Is it like a backup is being formed from more short-term memory to more long-term memory? Are long-term memories being replayed to ganglia responsible for "muscle memory" to improve response times?




Recent memories (so-called 'hippocampus-dependent memories') are stored in the hippocampus for up to about two weeks, during which time they are gradually transferred into permanent storage in the neocortex, cerebellum, and other parts of the brain. So, to answer your question, that is where they are replayed from.

The hypothesis is that the hippocampus is unique in being able to store memories quickly and after a single exposure.
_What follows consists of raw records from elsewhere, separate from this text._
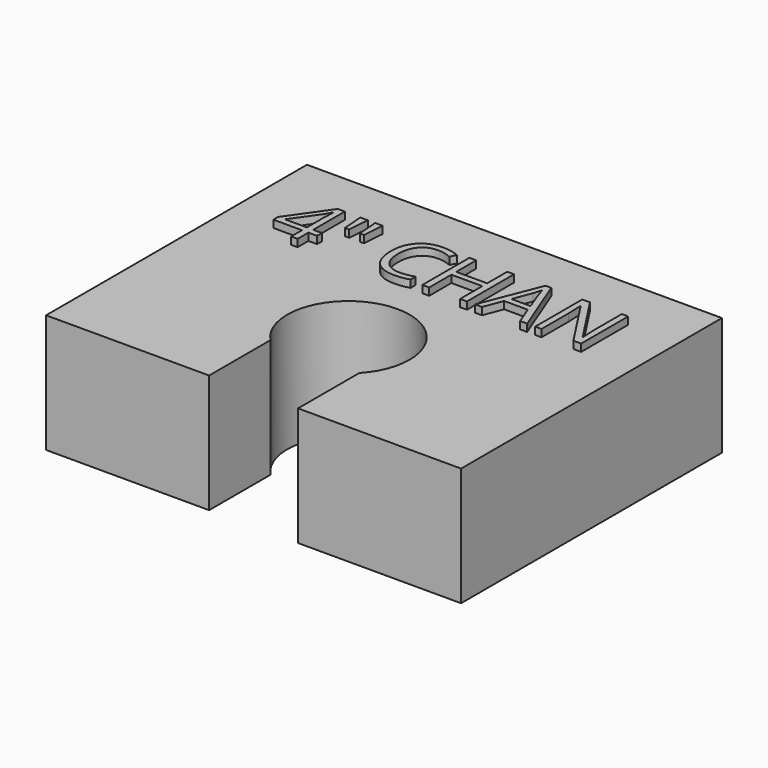
from build123d import *

# Parameters (mm, degrees)
F0_W         = 88.9
F0_H         = 69.85
F1_DEPTH     = 25.4
F3_DEPTH     = 25.4
F4_TEXT_SIZE = 17.6388888889
F5_DEPTH     = 1.5748


# Not quite as in the source:
# - Text() gives the source's letters only with a copy of the font that has no kerning and outlines rounded to 1/6400 em; it was checked with that copy


with BuildPart() as f1:
    # F0 (on Top) → F1 (new body)
    with BuildSketch(Plane.XY):
        with Locations((-8.6369048804, 14.2642892237)):
            Rectangle(F0_W, F0_H)
    extrude(amount=F1_DEPTH)

    # F2 (on face) → F3 (cut)
    with BuildSketch(Plane.XY.offset(25.4)):
        with BuildLine():
            Line((0.8880951196, -20.6607107763), (0.8880951196, -4.2497324008))
            ThreePointArc((0.8880951196, -4.2497324008), (-8.6369048804, 17.8361642237), (-18.1619048804, -4.2497324008))
            Line((-18.1619048804, -4.2497324008), (-18.1619048804, -20.6607107763))
            Line((-18.1619048804, -20.6607107763), (0.8880951196, -20.6607107763))
        make_face()
    extrude(amount=-F3_DEPTH, mode=Mode.SUBTRACT)

    # F4 (on face) → F5 (join)
    with BuildSketch(Plane.XY.offset(25.4)):
        with Locations((-43.5150515818, 24.8893319713)):
            Text('4" CHAN', F4_TEXT_SIZE, font='Open Sans', text_align=(TextAlign.LEFT, TextAlign.BOTTOM))
    extrude(amount=F5_DEPTH)


solid = f1.part
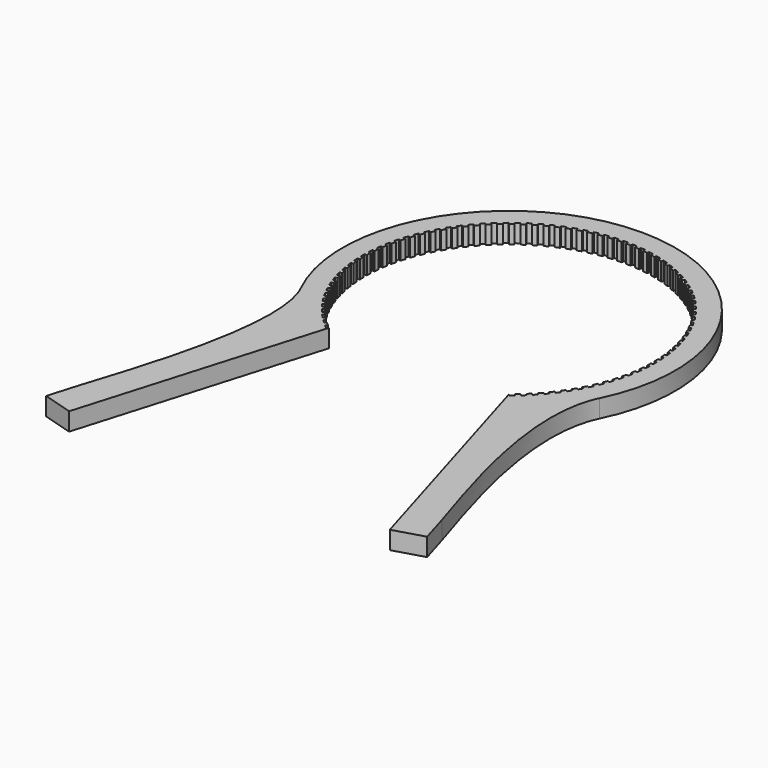
from build123d import *

# Parameters (mm, degrees)
F2_DEPTH         = 4
F4_DEPTH         = 4.0010001
F4_COPIES_COUNT  = 40
F4_COPIES_ANGLE  = 140.4
F4_COPIES1_COUNT = 40
F4_COPIES1_ANGLE = 140.4


# Not quite as in the source:
# - a pattern or mirror of a feature is missing from the dataset's text; its kind, count and spacing are read off the source's solid


with BuildPart() as f2:
    # F1 (on Top) → F2 (new body)
    with BuildSketch(Plane.XY):
        with BuildLine():
            add(Edge.make_bspline(
                [(40.4120250091, -69.107856701), (37.94537046, -60.804950863), (26.6053403245, -29.7340166268), (33.1981293463, -16.3365910735)],
                knots=[0, 0, 0, 0, 53.2620574759, 53.2620574759, 53.2620574759, 53.2620574759], degree=3))
            ThreePointArc((33.1981293463, -16.3365910735), (0, 37), (-33.1981293463, -16.3365910735))
            add(Edge.make_bspline(
                [(-40.4120250091, -69.107856701), (-37.94537046, -60.804950863), (-26.6053403245, -29.7340166268), (-33.1981293463, -16.3365910735)],
                knots=[0, 0, 0, 0, 53.2620574759, 53.2620574759, 53.2620574759, 53.2620574759], degree=3))
            Line((-40.4120250091, -69.107856701), (-42.3731441263, -75.7091002245))
            Line((-42.3731441263, -75.7091002245), (-35.6629974994, -77.7025726335))
            Line((-35.6629974994, -77.7025726335), (-20, -24.9799919936))
            ThreePointArc((-20, -24.9799919936), (0, 32), (20, -24.9799919936))
            Line((20, -24.9799919936), (35.6629974994, -77.7025726335))
            Line((35.6629974994, -77.7025726335), (42.3731441263, -75.7091002245))
            Line((42.3731441263, -75.7091002245), (40.4120250091, -69.107856701))
        make_face()
    extrude(amount=F2_DEPTH)

    # F3 (on Top) → F4 (cut, through all)
    with BuildSketch(Plane.XY):
        with BuildLine():
            ThreePointArc((-0.5, 31.9960935116), (0, 32), (0.5, 31.9960935116))
            Line((0.5, 31.9960935116), (0.5, 32.5))
            Line((0.5, 32.5), (0, 32.5))
            Line((0, 32.5), (-0.5, 32.5))
            Line((-0.5, 32.5), (-0.5, 31.9960935116))
        make_face()
    f4 = extrude(amount=F4_DEPTH, mode=Mode.SUBTRACT)

    # F4_copies: F4 ×40 about axis
    f4_copies_axis = Axis((0, 0, 0), (0, 0, 1))
    for i in range(1, F4_COPIES_COUNT):
        add(f4.rotate(f4_copies_axis, i * F4_COPIES_ANGLE / (F4_COPIES_COUNT - 1)), mode=Mode.SUBTRACT)

    # F4_copies1: F4 ×40 about axis
    f4_copies1_axis = Axis((0, 0, 0), (0, 0, -1))
    for i in range(1, F4_COPIES1_COUNT):
        add(f4.rotate(f4_copies1_axis, i * F4_COPIES1_ANGLE / (F4_COPIES1_COUNT - 1)), mode=Mode.SUBTRACT)


solid = f2.part

Most of the rest of the brain needs time and repeated exposures to store a memory via long-term potentiation. The role of the hippocampus is to act as a buffer where memories are kept temporarily.

While you're sleeping, your hippocampus repeatedly activates the memory, stimulating the brain in a similar way that the original event did. Slowly, the neocortex begins to rewire itself through synaptic plasticity to store the memory. After many repetitions, the memory is no longer dependent on the hippocampus and it fades away.

I think this is the paper I'm recalling this from, but I'm not entirely sure (this memory is several years old):

Bontempi, Bruno, et al. "Time-dependent reorganization of brain circuitry underlying long-term memory storage." Nature 400.6745 (1999): 671-675.


A couple of days late, but thanks for the explanation.


How could you test for something like that? Maybe, teach an array of skills, and for each skill with subjects of varying degrees of sleep deprivation and for varying time intervals between education and performance, measure response times and skill level in the tasks?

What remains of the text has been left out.